Ali Mourtada

No. 42
- Position: Placekicker

Personal information
- Born: August 19, 1990 (age 35) Sierra Leone
- Listed height: 5 ft 8 in (1.73 m)
- Listed weight: 158 lb (72 kg)

Career information
- High school: Foxborough High
- College: Pace

Career history
- 2015: Wichita Falls Nighthawks
- 2015: Las Vegas Outlaws
- 2018: Massachusetts Pirates
- 2021: Massachusetts Pirates
- 2021–2022: Winnipeg Blue Bombers
- Stats at CFL.ca

= Ali Mourtada =

Sierra Leonean gridiron football player (born 1990)

Ali Mourtada (born August 19, 1990) is a Sierra Leonean-American former professional football placekicker.

==Early life==
Mourtada was born in Sierra Leone, and moved to Foxboro, Massachusetts when he was four years old.

==College career==
Mourtada played college football for the Pace Setters from 2008 to 2011 where he played in 31 games and was successful on 14 of 27 field goal attempts.

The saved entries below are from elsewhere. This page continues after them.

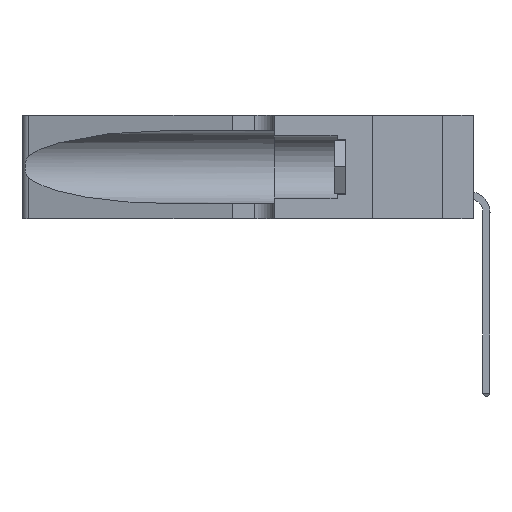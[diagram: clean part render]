
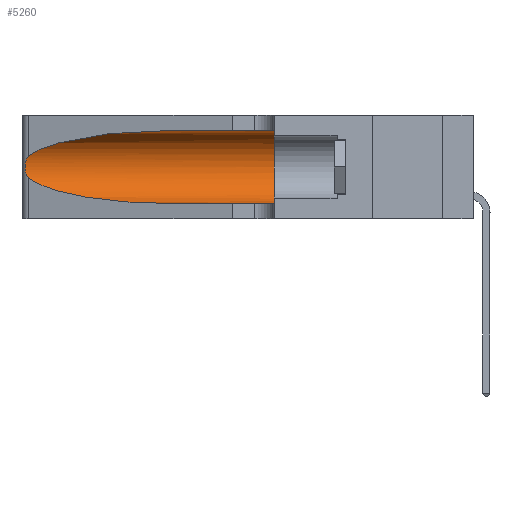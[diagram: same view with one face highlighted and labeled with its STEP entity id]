
A CAD part, left-side view. The second image highlights one B-rep face of the part: STEP entity #5260.
In plain terms, the highlighted cylindrical face has radius 3.308 mm (diameter 6.617 mm), a partial arc.
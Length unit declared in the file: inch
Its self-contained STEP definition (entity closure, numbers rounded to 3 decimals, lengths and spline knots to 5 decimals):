
#318 = B_SPLINE_CURVE_WITH_KNOTS ( 'NONE', 3,
 ( #12208, #42071, #38345, #25089, #2546, #2397, #15809, #35426, #18710, #8743, #2692, #15373, #12489, #22243 ),
 .UNSPECIFIED., .F., .F.,
 ( 4, 2, 2, 2, 2, 2, 4 ),
 ( 0., 0.00027, 0.00053, 0.00107, 0.0016, 0.00187, 0.00214 ),
 .UNSPECIFIED. ) ;
#571 = VERTEX_POINT ( 'NONE', #38412 ) ;
#720 = CARTESIAN_POINT ( 'NONE',  ( 0.2373, 1.15595, 0.28018 ) ) ;
#2397 = CARTESIAN_POINT ( 'NONE',  ( 0.26018, 1.23835, 0.19895 ) ) ;
#2445 = CARTESIAN_POINT ( 'NONE',  ( 0.25487, 1.22718, 0.22369 ) ) ;
#2546 = CARTESIAN_POINT ( 'NONE',  ( 0.25854, 1.2359, 0.20912 ) ) ;
#2692 = CARTESIAN_POINT ( 'NONE',  ( 0.25789, 1.23486, 0.15765 ) ) ;
#4017 = VERTEX_POINT ( 'NONE', #39730 ) ;
#5260 = ADVANCED_FACE ( 'NONE', ( #20508 ), #36321, .F. ) ;
#5502 = DIRECTION ( 'NONE',  ( 0., 0., 1. ) ) ;
#7027 = EDGE_LOOP ( 'NONE', ( #26665, #42122, #39268, #40498, #20328, #9710 ) ) ;
#7877 = CARTESIAN_POINT ( 'NONE',  ( 0.1305, 0.35, 0.05475 ) ) ;
#8355 = VERTEX_POINT ( 'NONE', #7877 ) ;
#8743 = CARTESIAN_POINT ( 'NONE',  ( 0.25856, 1.23593, 0.16098 ) ) ;
#9710 = ORIENTED_EDGE ( 'NONE', *, *, #30647, .F. ) ;
#10061 = VERTEX_POINT ( 'NONE', #23812 ) ;
#11131 = AXIS2_PLACEMENT_3D ( 'NONE', #38436, #25174, #5502 ) ;
#11142 = CARTESIAN_POINT ( 'NONE',  ( 0.1305, 1.61858, 0.31525 ) ) ;
#12208 = CARTESIAN_POINT ( 'NONE',  ( 0.25487, 1.22718, 0.22369 ) ) ;
#12245 = EDGE_CURVE ( 'NONE', #571, #8355, #18268, .T. ) ;
#12489 = CARTESIAN_POINT ( 'NONE',  ( 0.25555, 1.22993, 0.14849 ) ) ;
#12492 =( BOUNDED_CURVE ( )  B_SPLINE_CURVE ( 3, ( #36255, #12758, #17061, #39875 ),
 .UNSPECIFIED., .F., .F. ) 
 B_SPLINE_CURVE_WITH_KNOTS ( ( 4, 4 ),
 ( 3.44316, 4.71239 ),
 .UNSPECIFIED. ) 
 CURVE ( )  GEOMETRIC_REPRESENTATION_ITEM ( )  RATIONAL_B_SPLINE_CURVE ( ( 1., 0.87, 0.87, 1. ) ) 
 REPRESENTATION_ITEM ( '' )  );
#12758 = CARTESIAN_POINT ( 'NONE',  ( 0.2373, 1.15595, 0.08982 ) ) ;
#15373 = CARTESIAN_POINT ( 'NONE',  ( 0.25639, 1.23186, 0.15144 ) ) ;
#15809 = CARTESIAN_POINT ( 'NONE',  ( 0.26075, 1.23896, 0.19203 ) ) ;
#16756 = CARTESIAN_POINT ( 'NONE',  ( 0.18966, 0.96281, 0.31525 ) ) ;
#17061 = CARTESIAN_POINT ( 'NONE',  ( 0.18966, 0.96281, 0.05475 ) ) ;
#18268 = CIRCLE ( 'NONE', #11131, 0.13025 ) ;
#18314 =( BOUNDED_CURVE ( )  B_SPLINE_CURVE ( 3, ( #42609, #16756, #720, #27301 ),
 .UNSPECIFIED., .F., .T. ) 
 B_SPLINE_CURVE_WITH_KNOTS ( ( 4, 4 ),
 ( 1.5708, 2.84003 ),
 .UNSPECIFIED. ) 
 CURVE ( )  GEOMETRIC_REPRESENTATION_ITEM ( )  RATIONAL_B_SPLINE_CURVE ( ( 1., 0.87, 0.87, 1. ) ) 
 REPRESENTATION_ITEM ( '' )  );
#18710 = CARTESIAN_POINT ( 'NONE',  ( 0.26017, 1.23833, 0.17102 ) ) ;
#20328 = ORIENTED_EDGE ( 'NONE', *, *, #12245, .F. ) ;
#20508 = FACE_OUTER_BOUND ( 'NONE', #7027, .T. ) ;
#20661 = EDGE_CURVE ( 'NONE', #10061, #37292, #12492, .T. ) ;
#21236 = DIRECTION ( 'NONE',  ( 0., -1., 0. ) ) ;
#21352 = LINE ( 'NONE', #34800, #25965 ) ;
#22243 = CARTESIAN_POINT ( 'NONE',  ( 0.25487, 1.22718, 0.14631 ) ) ;
#23812 = CARTESIAN_POINT ( 'NONE',  ( 0.25487, 1.22718, 0.14631 ) ) ;
#24945 = CARTESIAN_POINT ( 'NONE',  ( 0.1305, 1.61858, 0.185 ) ) ;
#25089 = CARTESIAN_POINT ( 'NONE',  ( 0.25787, 1.23484, 0.2124 ) ) ;
#25174 = DIRECTION ( 'NONE',  ( 0., 1., 0. ) ) ;
#25965 = VECTOR ( 'NONE', #31621, 39.37008 ) ;
#26665 = ORIENTED_EDGE ( 'NONE', *, *, #27599, .T. ) ;
#27301 = CARTESIAN_POINT ( 'NONE',  ( 0.25487, 1.22718, 0.22369 ) ) ;
#27599 = EDGE_CURVE ( 'NONE', #4017, #27951, #18314, .T. ) ;
#27809 = DIRECTION ( 'NONE',  ( 0., 0., -1. ) ) ;
#27951 = VERTEX_POINT ( 'NONE', #2445 ) ;
#30167 = EDGE_CURVE ( 'NONE', #27951, #10061, #318, .T. ) ;
#30647 = EDGE_CURVE ( 'NONE', #4017, #571, #41042, .T. ) ;
#31060 = CARTESIAN_POINT ( 'NONE',  ( 0.1305, 0.72297, 0.05475 ) ) ;
#31621 = DIRECTION ( 'NONE',  ( 0., -1., 0. ) ) ;
#34800 = CARTESIAN_POINT ( 'NONE',  ( 0.1305, 1.61858, 0.05475 ) ) ;
#35426 = CARTESIAN_POINT ( 'NONE',  ( 0.26075, 1.23896, 0.178 ) ) ;
#36255 = CARTESIAN_POINT ( 'NONE',  ( 0.25487, 1.22718, 0.14631 ) ) ;
#36321 = CYLINDRICAL_SURFACE ( 'NONE', #36799, 0.13025 ) ;
#36799 = AXIS2_PLACEMENT_3D ( 'NONE', #24945, #21236, #27809 ) ;
#37292 = VERTEX_POINT ( 'NONE', #31060 ) ;
#38345 = CARTESIAN_POINT ( 'NONE',  ( 0.25639, 1.23184, 0.21858 ) ) ;
#38412 = CARTESIAN_POINT ( 'NONE',  ( 0.1305, 0.35, 0.31525 ) ) ;
#38436 = CARTESIAN_POINT ( 'NONE',  ( 0.1305, 0.35, 0.185 ) ) ;
#38972 = VECTOR ( 'NONE', #40893, 39.37008 ) ;
#39268 = ORIENTED_EDGE ( 'NONE', *, *, #20661, .T. ) ;
#39730 = CARTESIAN_POINT ( 'NONE',  ( 0.1305, 0.72297, 0.31525 ) ) ;
#39875 = CARTESIAN_POINT ( 'NONE',  ( 0.1305, 0.72297, 0.05475 ) ) ;
#40498 = ORIENTED_EDGE ( 'NONE', *, *, #41309, .T. ) ;
#40893 = DIRECTION ( 'NONE',  ( 0., -1., 0. ) ) ;
#41042 = LINE ( 'NONE', #11142, #38972 ) ;
#41309 = EDGE_CURVE ( 'NONE', #37292, #8355, #21352, .T. ) ;
#42071 = CARTESIAN_POINT ( 'NONE',  ( 0.25555, 1.22994, 0.2215 ) ) ;
#42122 = ORIENTED_EDGE ( 'NONE', *, *, #30167, .T. ) ;
#42609 = CARTESIAN_POINT ( 'NONE',  ( 0.1305, 0.72297, 0.31525 ) ) ;
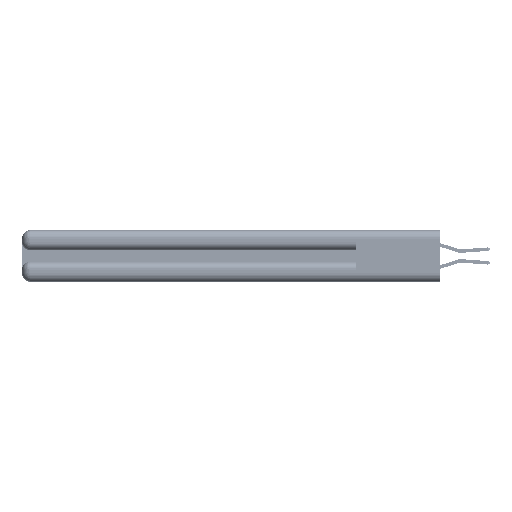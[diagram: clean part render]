
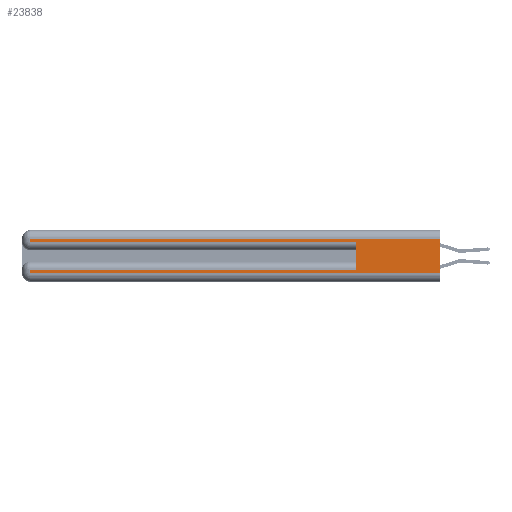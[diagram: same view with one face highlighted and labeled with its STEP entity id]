
A CAD part, left-side view. The second image highlights one B-rep face of the part: STEP entity #23838.
In plain terms, the highlighted planar face has unit normal (-1, 0, 0).
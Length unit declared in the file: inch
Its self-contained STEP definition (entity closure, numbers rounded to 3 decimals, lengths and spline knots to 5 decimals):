
#919 = ORIENTED_EDGE ( 'NONE', *, *, #12330, .T. ) ;
#2855 = DIRECTION ( 'NONE',  ( 0., -1., 0. ) ) ;
#3059 = VECTOR ( 'NONE', #32778, 39.37008 ) ;
#3325 = CARTESIAN_POINT ( 'NONE',  ( 0., 0., 0.085 ) ) ;
#3619 = CARTESIAN_POINT ( 'NONE',  ( 0., 0., 0.37 ) ) ;
#3745 = VERTEX_POINT ( 'NONE', #25023 ) ;
#4033 = VERTEX_POINT ( 'NONE', #31139 ) ;
#5777 = CARTESIAN_POINT ( 'NONE',  ( 0., 0., 0.06 ) ) ;
#6917 = ORIENTED_EDGE ( 'NONE', *, *, #25165, .T. ) ;
#7200 = CARTESIAN_POINT ( 'NONE',  ( 0., 0.6, 0.285 ) ) ;
#7228 = ORIENTED_EDGE ( 'NONE', *, *, #15648, .T. ) ;
#7755 = DIRECTION ( 'NONE',  ( 0., 0., -1. ) ) ;
#8067 = CARTESIAN_POINT ( 'NONE',  ( 0., 0., 0.31 ) ) ;
#8699 = CARTESIAN_POINT ( 'NONE',  ( 0., 2.94, 0.285 ) ) ;
#9020 = CARTESIAN_POINT ( 'NONE',  ( 0., 0., 0.06 ) ) ;
#9692 = VERTEX_POINT ( 'NONE', #8699 ) ;
#11217 = ORIENTED_EDGE ( 'NONE', *, *, #15660, .F. ) ;
#12041 = ORIENTED_EDGE ( 'NONE', *, *, #44495, .T. ) ;
#12050 = VERTEX_POINT ( 'NONE', #9020 ) ;
#12330 = EDGE_CURVE ( 'NONE', #50406, #17348, #26112, .T. ) ;
#12779 = VECTOR ( 'NONE', #27921, 39.37008 ) ;
#13985 = LINE ( 'NONE', #28631, #3059 ) ;
#15172 = VECTOR ( 'NONE', #33361, 39.37008 ) ;
#15648 = EDGE_CURVE ( 'NONE', #9692, #20672, #48412, .T. ) ;
#15660 = EDGE_CURVE ( 'NONE', #20802, #12050, #47143, .T. ) ;
#17216 = CARTESIAN_POINT ( 'NONE',  ( 0., 2.94, 0.06 ) ) ;
#17348 = VERTEX_POINT ( 'NONE', #17216 ) ;
#17719 = CARTESIAN_POINT ( 'NONE',  ( 0., 2.94, 0.37 ) ) ;
#18449 = CARTESIAN_POINT ( 'NONE',  ( 0., 0.6, 0.145 ) ) ;
#20672 = VERTEX_POINT ( 'NONE', #7200 ) ;
#20802 = VERTEX_POINT ( 'NONE', #8067 ) ;
#21857 = DIRECTION ( 'NONE',  ( 0., 0., -1. ) ) ;
#23499 = CARTESIAN_POINT ( 'NONE',  ( 0., 0., 0.37 ) ) ;
#23712 = LINE ( 'NONE', #3325, #12779 ) ;
#23838 = ADVANCED_FACE ( 'NONE', ( #52045 ), #28221, .F. ) ;
#24477 = LINE ( 'NONE', #18449, #31574 ) ;
#24960 = LINE ( 'NONE', #17719, #45544 ) ;
#25023 = CARTESIAN_POINT ( 'NONE',  ( 0., 0.6, 0.085 ) ) ;
#25165 = EDGE_CURVE ( 'NONE', #3745, #50406, #23712, .T. ) ;
#26112 = LINE ( 'NONE', #45209, #15172 ) ;
#26579 = VECTOR ( 'NONE', #2855, 39.37008 ) ;
#26720 = DIRECTION ( 'NONE',  ( 0., 0., 1. ) ) ;
#27921 = DIRECTION ( 'NONE',  ( 0., 1., 0. ) ) ;
#28221 = PLANE ( 'NONE',  #36887 ) ;
#28631 = CARTESIAN_POINT ( 'NONE',  ( 0., 0., 0.31 ) ) ;
#29211 = LINE ( 'NONE', #5777, #49772 ) ;
#29513 = CARTESIAN_POINT ( 'NONE',  ( 0., 2.94, 0.085 ) ) ;
#30114 = EDGE_LOOP ( 'NONE', ( #11217, #52181, #12041, #7228, #32977, #6917, #919, #51372 ) ) ;
#30583 = DIRECTION ( 'NONE',  ( 0., -1., 0. ) ) ;
#31139 = CARTESIAN_POINT ( 'NONE',  ( 0., 2.94, 0.31 ) ) ;
#31574 = VECTOR ( 'NONE', #26720, 39.37008 ) ;
#31600 = CARTESIAN_POINT ( 'NONE',  ( 0., 0., 0.285 ) ) ;
#32373 = DIRECTION ( 'NONE',  ( 1., 0., 0. ) ) ;
#32778 = DIRECTION ( 'NONE',  ( 0., 1., 0. ) ) ;
#32977 = ORIENTED_EDGE ( 'NONE', *, *, #43009, .F. ) ;
#33361 = DIRECTION ( 'NONE',  ( 0., 0., -1. ) ) ;
#36887 = AXIS2_PLACEMENT_3D ( 'NONE', #3619, #32373, #7755 ) ;
#36911 = EDGE_CURVE ( 'NONE', #17348, #12050, #29211, .T. ) ;
#37511 = VECTOR ( 'NONE', #43834, 39.37008 ) ;
#43009 = EDGE_CURVE ( 'NONE', #3745, #20672, #24477, .T. ) ;
#43834 = DIRECTION ( 'NONE',  ( 0., 0., -1. ) ) ;
#44495 = EDGE_CURVE ( 'NONE', #4033, #9692, #24960, .T. ) ;
#44926 = EDGE_CURVE ( 'NONE', #20802, #4033, #13985, .T. ) ;
#45209 = CARTESIAN_POINT ( 'NONE',  ( 0., 2.94, 0.37 ) ) ;
#45544 = VECTOR ( 'NONE', #21857, 39.37008 ) ;
#47143 = LINE ( 'NONE', #23499, #37511 ) ;
#48412 = LINE ( 'NONE', #31600, #26579 ) ;
#49772 = VECTOR ( 'NONE', #30583, 39.37008 ) ;
#50406 = VERTEX_POINT ( 'NONE', #29513 ) ;
#51372 = ORIENTED_EDGE ( 'NONE', *, *, #36911, .T. ) ;
#52045 = FACE_OUTER_BOUND ( 'NONE', #30114, .T. ) ;
#52181 = ORIENTED_EDGE ( 'NONE', *, *, #44926, .T. ) ;
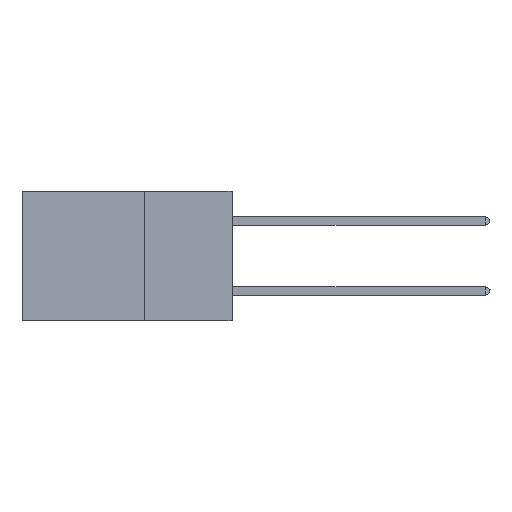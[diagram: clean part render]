
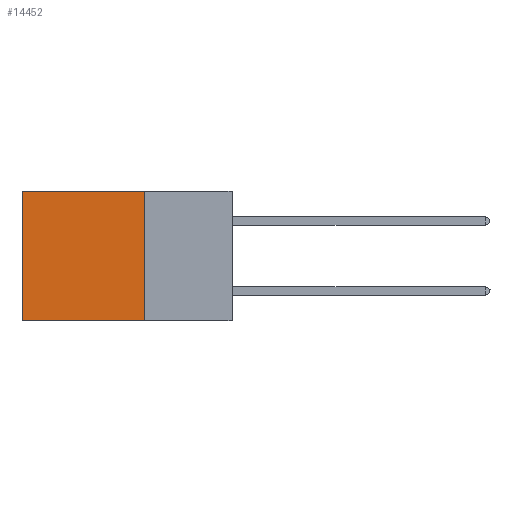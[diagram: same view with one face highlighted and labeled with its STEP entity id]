
A CAD part, left-side view. The second image highlights one B-rep face of the part: STEP entity #14452.
In plain terms, the highlighted planar face has unit normal (-1, 0, 0).
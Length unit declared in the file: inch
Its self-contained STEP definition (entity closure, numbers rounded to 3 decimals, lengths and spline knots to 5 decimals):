
#425 = AXIS2_PLACEMENT_3D ( 'NONE', #35144, #37697, #34949 ) ;
#452 = CARTESIAN_POINT ( 'NONE',  ( 0.2875, 0.25, -0.37 ) ) ;
#580 = EDGE_LOOP ( 'NONE', ( #35028, #18539, #14047, #18019 ) ) ;
#1337 = EDGE_CURVE ( 'NONE', #8281, #28304, #31084, .T. ) ;
#2131 = FACE_OUTER_BOUND ( 'NONE', #580, .T. ) ;
#2276 = DIRECTION ( 'NONE',  ( 0., 1., 0. ) ) ;
#4416 = DIRECTION ( 'NONE',  ( 0., 0., -1. ) ) ;
#8281 = VERTEX_POINT ( 'NONE', #15111 ) ;
#8489 = CARTESIAN_POINT ( 'NONE',  ( 0.2875, 0.25, -0.37 ) ) ;
#8598 = VECTOR ( 'NONE', #30012, 39.37008 ) ;
#10941 = VERTEX_POINT ( 'NONE', #17910 ) ;
#11109 = CARTESIAN_POINT ( 'NONE',  ( 0.2875, 0.6, -0.37 ) ) ;
#14047 = ORIENTED_EDGE ( 'NONE', *, *, #18221, .F. ) ;
#14452 = ADVANCED_FACE ( 'NONE', ( #2131 ), #28564, .F. ) ;
#15017 = EDGE_CURVE ( 'NONE', #18199, #28304, #26185, .T. ) ;
#15111 = CARTESIAN_POINT ( 'NONE',  ( 0.2875, 0.6, 0. ) ) ;
#15198 = VECTOR ( 'NONE', #4416, 39.37008 ) ;
#17910 = CARTESIAN_POINT ( 'NONE',  ( 0.2875, 0.25, 0. ) ) ;
#18019 = ORIENTED_EDGE ( 'NONE', *, *, #19623, .T. ) ;
#18199 = VERTEX_POINT ( 'NONE', #452 ) ;
#18221 = EDGE_CURVE ( 'NONE', #10941, #18199, #18542, .T. ) ;
#18338 = CARTESIAN_POINT ( 'NONE',  ( 0.2875, 0.25, 0. ) ) ;
#18479 = VECTOR ( 'NONE', #2276, 39.37008 ) ;
#18539 = ORIENTED_EDGE ( 'NONE', *, *, #15017, .F. ) ;
#18542 = LINE ( 'NONE', #18338, #8598 ) ;
#19623 = EDGE_CURVE ( 'NONE', #10941, #8281, #36017, .T. ) ;
#26185 = LINE ( 'NONE', #8489, #18479 ) ;
#27281 = DIRECTION ( 'NONE',  ( 0., 1., 0. ) ) ;
#27371 = CARTESIAN_POINT ( 'NONE',  ( 0.2875, 0.6, 0. ) ) ;
#28304 = VERTEX_POINT ( 'NONE', #11109 ) ;
#28564 = PLANE ( 'NONE',  #425 ) ;
#30012 = DIRECTION ( 'NONE',  ( 0., 0., -1. ) ) ;
#30212 = CARTESIAN_POINT ( 'NONE',  ( 0.2875, 0.25, 0. ) ) ;
#31084 = LINE ( 'NONE', #27371, #15198 ) ;
#34099 = VECTOR ( 'NONE', #27281, 39.37008 ) ;
#34949 = DIRECTION ( 'NONE',  ( 0., 0., -1. ) ) ;
#35028 = ORIENTED_EDGE ( 'NONE', *, *, #1337, .T. ) ;
#35144 = CARTESIAN_POINT ( 'NONE',  ( 0.2875, 0.25, 0. ) ) ;
#36017 = LINE ( 'NONE', #30212, #34099 ) ;
#37697 = DIRECTION ( 'NONE',  ( 1., 0., 0. ) ) ;

He was also the team's punter in all four years and had 66 punts for a 37.8-yard average in his senior year. He also played for the Assumption Greyhounds in 2013 while he was working on a master's degree in rehabilitation counseling.

==Professional career==
Mourtada played in four games for the Wichita Falls Nighthawks in 2015. He then signed with the Las Vegas Outlaws in the team's only season of operation in 2015 and played in one game for the team before moving back to Foxborough in August of that year. He worked out for the Cleveland Browns in 2017, but was not offered a contract by the team. He later signed with the expansion Massachusetts Pirates on February 21, 2018, and was the team's primary kicker that year. He did not play in 2019 or 2020, but returned to play for the Pirates in 2021 following an injury to their kicker.

On August 30, 2021, it was announced that Mourtada had signed with the Winnipeg Blue Bombers following an injury to the team's incumbent placekicker, Tyler Crapigna. Following mixed results from the team's replacement kicker, Marc Liegghio, Mourtada was activated for the September 18, 2021 game against the Edmonton Elks. While he was successful on all four of his convert attempts, he missed all three of his field goal tries, missing from 28 yards, 51 yards, and 44 yards. He made his first field goal in the following game against the BC Lions on October 1, 2021. On November 21, 2022, Mourtada became a free agent.

==Personal life==
Mourtada was born in Sierra Leone and moved to Foxborough, Massachusetts with his parents, Ahmed and Samira Mourtada, when he was four years old. He has three siblings, including older sisters Farah and Natalie and younger brother Bilal.